El funcionario iraní fue uno de los "indultados" por Estados Unidos. Hace unas semanas, la Casa Blanca pidió a Israel —con quien lanzó la operación conjunta contra Teherán— que lo eliminara de su lista de objetivos porque lo consideraba un posible interlocutor para un alto el fuego y una salida negociada al conflicto. Otro de los indultados fue el presidente del Parlamento iraní, Mohammad Baqer Qalibaf, de quien se espera que encabece el equipo negociador.
El ministro iraní de Exteriores, Abbas Aragchi, y el presidente del Parlamento de Irán, Mohamed Baqer Qalibaf
Qalibaf, militar que llegó a ser comandante de la Guardia Revolucionaria y jefe de la Policía, fue un protegido del difunto ayatolá Alí Jamenei. Considerado del ala más dura de un régimen ya radicalizado, se le atribuye una fuerte influencia en el país.
Algunos informes apuntan a que podría ser la "figura destacada" con la que, según Trump, Washington está intentando negociar, un dirigente iraní que no es el líder supremo.
"Estamos tratando con el hombre que, en mi opinión, es el más respetado y el líder. Es un poco complicado: hemos eliminado a todo el mundo", manifestó el mandatario estadounidense. No obstante, Qalibaf ha negado, por en el contexto actual, haber participado en ninguna conversación.

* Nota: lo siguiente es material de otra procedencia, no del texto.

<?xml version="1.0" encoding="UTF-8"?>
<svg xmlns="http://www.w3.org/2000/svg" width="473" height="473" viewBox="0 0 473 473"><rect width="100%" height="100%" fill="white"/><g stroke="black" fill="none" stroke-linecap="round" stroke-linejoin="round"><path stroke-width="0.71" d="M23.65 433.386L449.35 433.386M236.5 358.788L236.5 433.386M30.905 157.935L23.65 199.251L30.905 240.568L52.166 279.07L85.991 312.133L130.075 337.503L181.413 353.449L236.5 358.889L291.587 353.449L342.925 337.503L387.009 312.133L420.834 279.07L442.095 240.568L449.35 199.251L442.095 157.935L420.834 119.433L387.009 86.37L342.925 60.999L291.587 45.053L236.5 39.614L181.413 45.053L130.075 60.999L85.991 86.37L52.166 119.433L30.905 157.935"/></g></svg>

Los hombres de confianza de Trump
El presidente estadounidense, aunque no ha dejado en ningún momento de escalar su retórica contra Irán —llegó a advertir de que "una civilización entera moriría" si no se alcanzaba un acuerdo—, ha encargado a sus hombres de mayor confianza participar en las negociaciones.
Entre ellos se encuentran Steve Witkoff, enviado especial para Oriente Medio, y Jared Kushner, yerno del presidente, quienes entregaron a los facilitadores el plan de paz que posteriormente fue rechazado por Teherán.
También el vicepresidente JD Vance, contrario a la guerra en Irán y uno de los principales defensores de la doctrina America First, ha participado en esos esfuerzos. El martes, desde Hungría, donde se encontraba apoyando al ultranacionalista primer ministro Viktor Orbán en la recta final de la campaña electoral, contribuyó a limar los últimos flecos en las horas previas a que expirara el ultimátum.